::: Records for the task :::

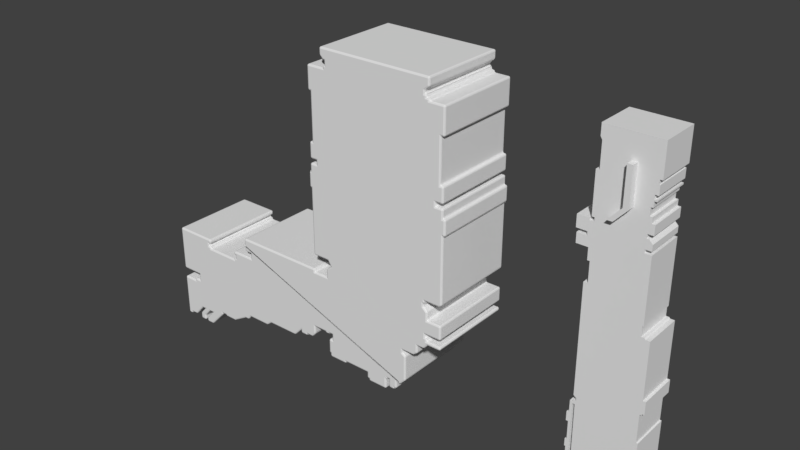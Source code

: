 # Source: stealer.blend  (saved by Blender 2.79.0; exported with 4.5.12 LTS)
import bpy
from mathutils import Matrix  # noqa: F401  (used for matrix-valued properties, if any)

bpy.ops.wm.read_factory_settings(use_empty=True)
scene = bpy.context.scene
scene.name = 'Scene'

# ---- collections
col_collection_1 = bpy.data.collections.new('Collection 1'); scene.collection.children.link(col_collection_1)

# ---- world
world_world = bpy.data.worlds.new('World'); scene.world = world_world
world_world.color = (0.05088, 0.05088, 0.05088)
world_world.use_sun_shadow = False
world_world.sun_shadow_jitter_overblur = 0.0
world_world.cycles.sampling_method = 'MANUAL'

# ---- meshes
me_plane_002 = bpy.data.meshes.new('Plane.002')
me_plane_002.from_pydata([(-0.04581, -2.42e-07, 0.8456), (-0.1079, -2.42e-07, 0.8456), (0.03423, -2.629e-07, 1.001), (0.03423, -2.629e-07, 1.409), (0.09141, -2.622e-07, 0.9959), (0.09141, -2.622e-07, 1.408)], [], [(0, 4, 5, 3, 2, 1)])
me_plane_002.use_remesh_preserve_volume = False
me_plane_002.use_remesh_preserve_attributes = False
me_plane_002.use_mirror_vertex_groups = False
me_plane_002.update()
me_plane_001 = bpy.data.meshes.new('Plane.001')
me_plane_001.from_pydata([(0.3302, -2.237e-07, 1.311), (0.3302, -2.237e-07, 1.665), (-0.2728, -2.237e-07, 1.665), (0.2995, -2.237e-07, 1.311), (0.2995, -2.237e-07, 1.265), (0.3109, -2.237e-07, 1.265), (0.3109, -2.237e-07, 1.167), (0.27, -2.237e-07, 1.167), (0.27, -2.237e-07, 1.124), (0.3029, -2.237e-07, 1.124), (0.3029, -2.237e-07, 1.106), (0.2723, -2.237e-07, 1.106), (0.2723, -2.237e-07, 1.045), (0.2473, -2.237e-07, 1.045), (0.2473, -2.237e-07, 0.9597), (0.2757, -2.237e-07, 0.9597), (0.2757, -2.237e-07, 0.8985), (0.3086, -2.237e-07, 0.8985), (0.3086, -2.237e-07, 0.7956), (0.244, -2.237e-07, 0.7956), (0.244, -2.237e-07, 0.7506), (0.2684, -2.237e-07, 0.7506), (0.3062, -2.185e-07, 0.712), (0.3062, -2.185e-07, 0.6467), (0.2369, -2.185e-07, 0.6467), (0.2369, -2.185e-07, 0.6096), (0.3094, -2.185e-07, 0.6096), (0.3094, -2.185e-07, -0.09216), (0.2971, -2.185e-07, -0.09216), (0.2971, -2.185e-07, -0.2011), (0.33, -2.185e-07, -0.2011), (0.3405, -2.169e-07, -0.2135), (0.3871, -2.169e-07, -0.2135), (0.3871, -2.169e-07, -0.8423), (0.417, -2.169e-07, -0.8423), (0.417, -2.169e-07, -0.9849), (0.391, -2.169e-07, -0.9849), (0.391, -2.169e-07, -1.003), (0.369, -2.17e-07, -1.002), (0.369, -2.17e-07, -1.322), (0.386, -2.17e-07, -1.322), (0.386, -2.17e-07, -1.822), (-0.3579, -2.17e-07, -1.822), (-0.3579, -2.17e-07, -1.72), (-0.3715, -2.17e-07, -1.72), (-0.3715, -2.17e-07, -1.635), (-0.3511, -2.17e-07, -1.635), (-0.3511, -2.17e-07, -1.42), (-0.3756, -2.17e-07, -1.42), (-0.3756, -2.17e-07, -1.316), (-0.3495, -2.17e-07, -1.316), (-0.3495, -2.17e-07, -1.173), (-0.3199, -2.17e-07, -1.173), (-0.3199, -2.17e-07, -1.157), (-0.2849, -2.17e-07, -1.157), (-0.2849, -2.17e-07, -1.124), (-0.3161, -2.205e-07, -1.099), (-0.3161, -2.205e-07, 0.1299), (-0.2707, -2.205e-07, 0.1299), (-0.2707, -2.205e-07, 0.3549), (-0.2972, -2.205e-07, 0.3549), (-0.2972, -2.205e-07, 0.4844), (-0.4257, -2.205e-07, 0.4844), (-0.4257, -2.205e-07, 0.5932), (-0.3189, -2.205e-07, 0.5932), (-0.3189, -2.205e-07, 0.6348), (-0.4361, -2.205e-07, 0.6348), (-0.4361, -2.205e-07, 0.7679), (-0.3069, -2.205e-07, 0.7679), (-0.3069, -2.205e-07, 0.7458), (-0.2613, -2.205e-07, 0.7458), (-0.2613, -2.205e-07, 0.7884), (-0.2904, -2.205e-07, 0.7884), (-0.2904, -2.205e-07, 1.239), (-0.2542, -2.205e-07, 1.239), (-0.2542, -2.205e-07, 1.512), (-0.2729, -2.245e-07, 1.541), (-0.3239, -2.17e-07, -1.822), (-0.3239, -2.17e-07, -1.198), (-0.2922, -2.17e-07, -1.822), (-0.2959, -2.17e-07, -1.199)], [], [(1, 2, 76, 75, 74, 73, 72, 71, 70, 69, 68, 67, 66, 65, 64, 63, 62, 61, 60, 59, 58, 57, 56, 55, 54, 53, 52, 51, 78, 80, 79, 41, 40, 39, 38, 37, 36, 35, 34, 33, 32, 31, 30, 29, 28, 27, 26, 25, 24, 23, 22, 21, 20, 19, 18, 17, 16, 15, 14, 13, 12, 11, 10, 9, 8, 7, 6, 5, 4, 3, 0), (77, 78, 51, 50, 49, 48, 47, 46, 45, 44, 43, 42)])
me_plane_001.use_remesh_preserve_volume = False
me_plane_001.use_remesh_preserve_attributes = False
me_plane_001.use_mirror_vertex_groups = False
me_plane_001.update()
me_plane = bpy.data.meshes.new('Plane')
me_plane.from_pydata([(-0.6954, -1.704e-07, 0.4882), (-0.6954, -1.704e-07, 1.009), (-0.7264, -1.704e-07, 1.009), (-0.7264, -1.704e-07, 1.268), (-0.7292, -1.704e-07, 0.4882), (-0.7292, -1.704e-07, 0.3081), (-0.6504, -1.704e-07, 0.3081), (-0.6504, -1.704e-07, 0.2602), (-0.732, -1.704e-07, 0.2602), (-0.732, -1.704e-07, 0.1675), (-0.7501, -1.704e-07, 0.1675), (-0.7501, -1.704e-07, -0.009023), (-0.7309, -1.704e-07, -0.009023), (-0.7309, -1.704e-07, -0.7578), (-0.5423, -1.704e-07, -0.7578), (-0.5032, -1.618e-07, -0.8214), (-0.5635, -1.559e-07, -0.8653), (-0.5635, -1.559e-07, -0.9631), (-0.7345, -1.559e-07, -0.9631), (-0.7345, -1.559e-07, -0.9289), (-1.776, -1.559e-07, -0.9289), (-1.776, -1.559e-07, -1.001), (-1.799, -1.559e-07, -1.001), (-1.799, -1.559e-07, -1.029), (-1.772, -1.559e-07, -1.029), (-1.772, -1.559e-07, -1.082), (-1.689, -1.559e-07, -1.082), (-1.689, -1.559e-07, -1.147), (-1.962, -1.559e-07, -1.147), (-1.962, -1.559e-07, -1.192), (-1.938, -1.559e-07, -1.192), (-1.938, -1.559e-07, -1.229), (-1.965, -1.559e-07, -1.229), (-1.965, -1.559e-07, -1.251), (-2.348, -1.559e-07, -1.251), (-2.348, -1.559e-07, -1.228), (-2.376, -1.559e-07, -1.228), (-2.376, -1.559e-07, -1.192), (-2.347, -1.559e-07, -1.192), (-2.347, -1.559e-07, -1.141), (-2.834, -1.559e-07, -1.141), (-2.834, -1.559e-07, -1.661), (-2.588, -1.559e-07, -1.661), (-2.588, -1.559e-07, -1.742), (-2.667, -1.559e-07, -1.742), (-2.667, -1.559e-07, -1.77), (-2.834, -1.559e-07, -1.77), (-2.834, -1.559e-07, -2.26), (-2.782, -1.559e-07, -2.26), (-2.782, -1.559e-07, -2.236), (-2.699, -1.559e-07, -2.236), (-2.586, -1.734e-07, -2.106), (-2.547, -1.734e-07, -2.106), (-2.619, -1.627e-07, -2.186), (-2.619, -1.627e-07, -2.259), (-2.544, -1.627e-07, -2.259), (-2.544, -1.627e-07, -2.196), (-2.465, -1.748e-07, -2.106), (-2.412, -1.748e-07, -2.106), (-2.514, -1.598e-07, -2.218), (-2.514, -1.598e-07, -2.262), (-2.422, -1.598e-07, -2.262), (-2.235, -1.861e-07, -2.066), (-2.235, -1.861e-07, -2.047), (-2.181, -1.861e-07, -2.047), (-2.181, -1.861e-07, -2.06), (-2.029, -1.861e-07, -2.06), (-1.846, -2.001e-07, -1.956), (-1.798, -2.001e-07, -1.956), (-1.761, -2.069e-07, -1.906), (-1.495, -2.069e-07, -1.906), (-1.435, -2.134e-07, -1.857), (-1.066, -2.134e-07, -1.857), (-0.9698, -2.268e-07, -1.757), (-0.9698, -2.268e-07, -1.792), (-0.8818, -2.268e-07, -1.792), (-0.8818, -2.268e-07, -1.772), (-0.8017, -2.268e-07, -1.772), (-0.7585, -2.337e-07, -1.721), (-0.7585, -2.337e-07, -1.629), (-0.6116, -2.337e-07, -1.629), (-0.6116, -2.337e-07, -1.642), (-0.5605, -2.337e-07, -1.642), (-0.5605, -2.337e-07, -1.628), (-0.5134, -2.337e-07, -1.628), (-0.5134, -2.337e-07, -1.699), (-0.5597, -2.337e-07, -1.699), (-0.5597, -2.337e-07, -1.869), (-0.5439, -2.337e-07, -1.869), (-0.5439, -2.337e-07, -1.909), (-0.3294, -2.337e-07, -1.909), (-0.3294, -2.337e-07, -1.886), (-0.03411, -2.337e-07, -1.886), (-0.03411, -2.337e-07, -1.956), (-0.0101, -2.337e-07, -1.956), (-0.0101, -2.337e-07, -1.979), (0.2162, -2.337e-07, -1.979), (0.2162, -2.337e-07, -1.86), (0.233, -2.337e-07, -1.86), (0.233, -2.337e-07, -1.841), (0.2566, -2.337e-07, -1.841), (0.2566, -2.337e-07, -1.938), (0.3265, -2.337e-07, -1.938), (0.3265, -2.337e-07, -1.918), (0.3534, -2.337e-07, -1.918), (0.3534, -2.337e-07, -1.826), (0.3727, -2.337e-07, -1.826), (0.3727, -2.337e-07, -1.845), (0.3969, -2.337e-07, -1.845), (0.4693, -2.44e-07, -1.768), (0.4693, -2.44e-07, -1.48), (0.4307, -2.472e-07, -1.457), (0.4307, -2.472e-07, -1.419), (0.5692, -2.472e-07, -1.419), (0.617, -2.521e-07, -1.382), (0.617, -2.521e-07, -1.294), (0.6971, -2.521e-07, -1.294), (0.7424, -2.595e-07, -1.239), (0.896, -2.595e-07, -1.239), (0.896, -2.595e-07, -1.198), (0.7297, -2.595e-07, -1.198), (0.7297, -2.595e-07, -1.162), (0.7101, -2.595e-07, -1.162), (0.7101, -2.595e-07, -1.124), (0.8967, -2.595e-07, -1.124), (0.8967, -2.595e-07, -0.9639), (0.7324, -2.595e-07, -0.9639), (0.7324, -2.595e-07, -0.8724), (0.6833, -2.657e-07, -0.8262), (0.6833, -2.657e-07, -0.791), (0.7, -2.657e-07, -0.791), (0.7, -2.657e-07, -0.7584), (0.8791, -2.657e-07, -0.7584), (0.9027, -2.686e-07, -0.7367), (0.9027, -2.686e-07, -0.007056), (0.9262, -2.686e-07, -0.007056), (0.9262, -2.686e-07, 0.1681), (0.8978, -2.686e-07, 0.1681), (0.8978, -2.686e-07, 0.2663), (0.8121, -2.686e-07, 0.2663), (0.8121, -2.686e-07, 0.3116), (0.8989, -2.686e-07, 0.3116), (0.8989, -2.686e-07, 0.4869), (0.8631, -2.686e-07, 0.4869), (0.8631, -2.686e-07, 0.9577), (0.9016, -2.686e-07, 0.9577), (0.9016, -2.686e-07, 1.251), (0.7289, -2.686e-07, 1.251), (0.7289, -2.686e-07, 1.274), (0.697, -2.686e-07, 1.274), (0.697, -2.686e-07, 1.303), (0.6779, -2.686e-07, 1.303), (0.6779, -2.686e-07, 1.337), (0.7284, -2.74e-07, 1.377), (0.7284, -2.74e-07, 1.469), (-0.5637, -2.74e-07, 1.469), (-0.5637, -2.74e-07, 1.387), (-0.5175, -2.685e-07, 1.346), (-0.5055, -2.685e-07, 1.346), (-0.5055, -2.685e-07, 1.3), (-0.5257, -2.685e-07, 1.3), (-0.5257, -2.685e-07, 1.269)], [], [(0, 4, 5, 6, 7, 8, 9, 10, 11, 12, 13, 14, 15, 16, 17, 18, 19, 20, 21, 22, 23, 24, 25, 26, 27, 28, 29, 30, 31, 32, 33, 34, 35, 36, 37, 38, 39, 40, 41, 42, 43, 44, 45, 46, 47, 48, 49, 50, 51, 52, 53, 54, 55, 56, 57, 58, 59, 60, 61, 62, 63, 64, 65, 66, 67, 68, 69, 70, 71, 72, 73, 74, 75, 76, 77, 78, 79, 80, 81, 82, 83, 84, 85, 86, 87, 88, 89, 90, 91, 92, 93, 94, 95, 96, 97, 98, 99, 100, 101, 102, 103, 104, 105, 106, 107, 108, 109, 110, 111, 112, 113, 114, 115, 116, 117, 118, 119, 120, 121, 122, 123, 124, 125, 126, 127, 128, 129, 130, 131, 132, 133, 134, 135, 136, 137, 138, 139, 140, 141, 142, 143, 144, 145, 146, 147, 148, 149, 150, 151, 152, 153, 154, 155, 156, 157, 158, 159, 160, 161, 3, 2, 1)])
me_plane.use_remesh_preserve_volume = False
me_plane.use_remesh_preserve_attributes = False
me_plane.use_mirror_vertex_groups = False
me_plane.update()

# ---- objects
ob_plane_002 = bpy.data.objects.new('Plane.002', me_plane_002)
ob_plane_001 = bpy.data.objects.new('Plane.001', me_plane_001)
ob_plane = bpy.data.objects.new('Plane', me_plane)

# ---- transforms, parenting, visibility, modifiers, constraints
ob_plane_002.location = (0.1834, 0.5136, -0.1819)
ob_plane_002.lineart.crease_threshold = 0.0
_m = ob_plane_002.modifiers.new('Solidify', 'SOLIDIFY')
_m.thickness = 0.123
_m.nonmanifold_thickness_mode = 'FIXED'
_m.nonmanifold_merge_threshold = 0.0003
ob_plane_001.location = (0.1834, 0.5923, -0.1819)
ob_plane_001.lineart.crease_threshold = 0.0
_m = ob_plane_001.modifiers.new('Solidify', 'SOLIDIFY')
_m.thickness = 0.456
_m.nonmanifold_thickness_mode = 'FIXED'
_m.nonmanifold_merge_threshold = 0.0003
_m = ob_plane_001.modifiers.new('Boolean', 'BOOLEAN')
_m.object = ob_plane_002
_m.solver = 'FAST'
ob_plane.location = (-2.168, -3.504e-08, 0.2608)
ob_plane.lineart.crease_threshold = 0.0
_m = ob_plane.modifiers.new('Solidify', 'SOLIDIFY')
_m.thickness = 0.978
_m.nonmanifold_thickness_mode = 'FIXED'
_m.nonmanifold_merge_threshold = 0.0003
_m = ob_plane.modifiers.new('Bevel', 'BEVEL')
_m.width = 0.017
_m.width_pct = 0.017
_m.segments = 2
_m.use_clamp_overlap = False
_m.spread = 0.0

# ---- collection membership
col_collection_1.objects.link(ob_plane_002)
col_collection_1.objects.link(ob_plane_001)
col_collection_1.objects.link(ob_plane)

# ---- scene / render settings (as saved in the file)
scene.frame_start = 1; scene.frame_end = 250; scene.frame_set(1)
scene.render.engine = 'BLENDER_EEVEE_NEXT'
scene.render.resolution_percentage = 50
scene.render.dither_intensity = 0.0
scene.cycles.use_denoising = False
scene.cycles.samples = 128
scene.cycles.sampling_pattern = 'TABULATED_SOBOL'
scene.cycles.use_adaptive_sampling = False
scene.cycles.use_light_tree = False
scene.cycles.blur_glossy = 0.0
scene.cycles.sample_clamp_indirect = 0.0
scene.view_settings.view_transform = 'Standard'
bpy.context.view_layer.update()

# ---- added for rendering (the .blend has no active camera and no usable light): camera, sun
cam_auto = bpy.data.cameras.new('AutoCamera')
cam_auto.lens = 50.0
cam_auto.sensor_width = 36.0
cam_auto.clip_end = 1000.0
ob_auto_camera = bpy.data.objects.new('AutoCamera', cam_auto)
scene.collection.objects.link(ob_auto_camera)
ob_auto_camera.location = (4.10296, -7.04002, 4.90567)
ob_auto_camera.rotation_euler = (1.09748, -7.21219e-08, 0.694738)
scene.camera = ob_auto_camera
light_auto_sun = bpy.data.lights.new('AutoSun', 'SUN')
light_auto_sun.energy = 3.0
light_auto_sun.angle = 0.0523599
ob_auto_sun = bpy.data.objects.new('AutoSun', light_auto_sun)
scene.collection.objects.link(ob_auto_sun)
ob_auto_sun.rotation_euler = (0.872665, 0.174533, 0.523599)
bpy.context.view_layer.update()

:::

Word for word, give again the lines from the first entry to the line with "bpy.ops.wm.read_factory_settings(use_empty=True)", inclusive. Exclude the pictures.

**Solved exercise:**
Source code

: # Source: stealer.blend  (saved by Blender 2.79.0; exported with 4.5.12 LTS)
import bpy
from mathutils import Matrix  # noqa: F401  (used for matrix-valued properties, if any)

bpy.ops.wm.read_factory_settings(use_empty=True)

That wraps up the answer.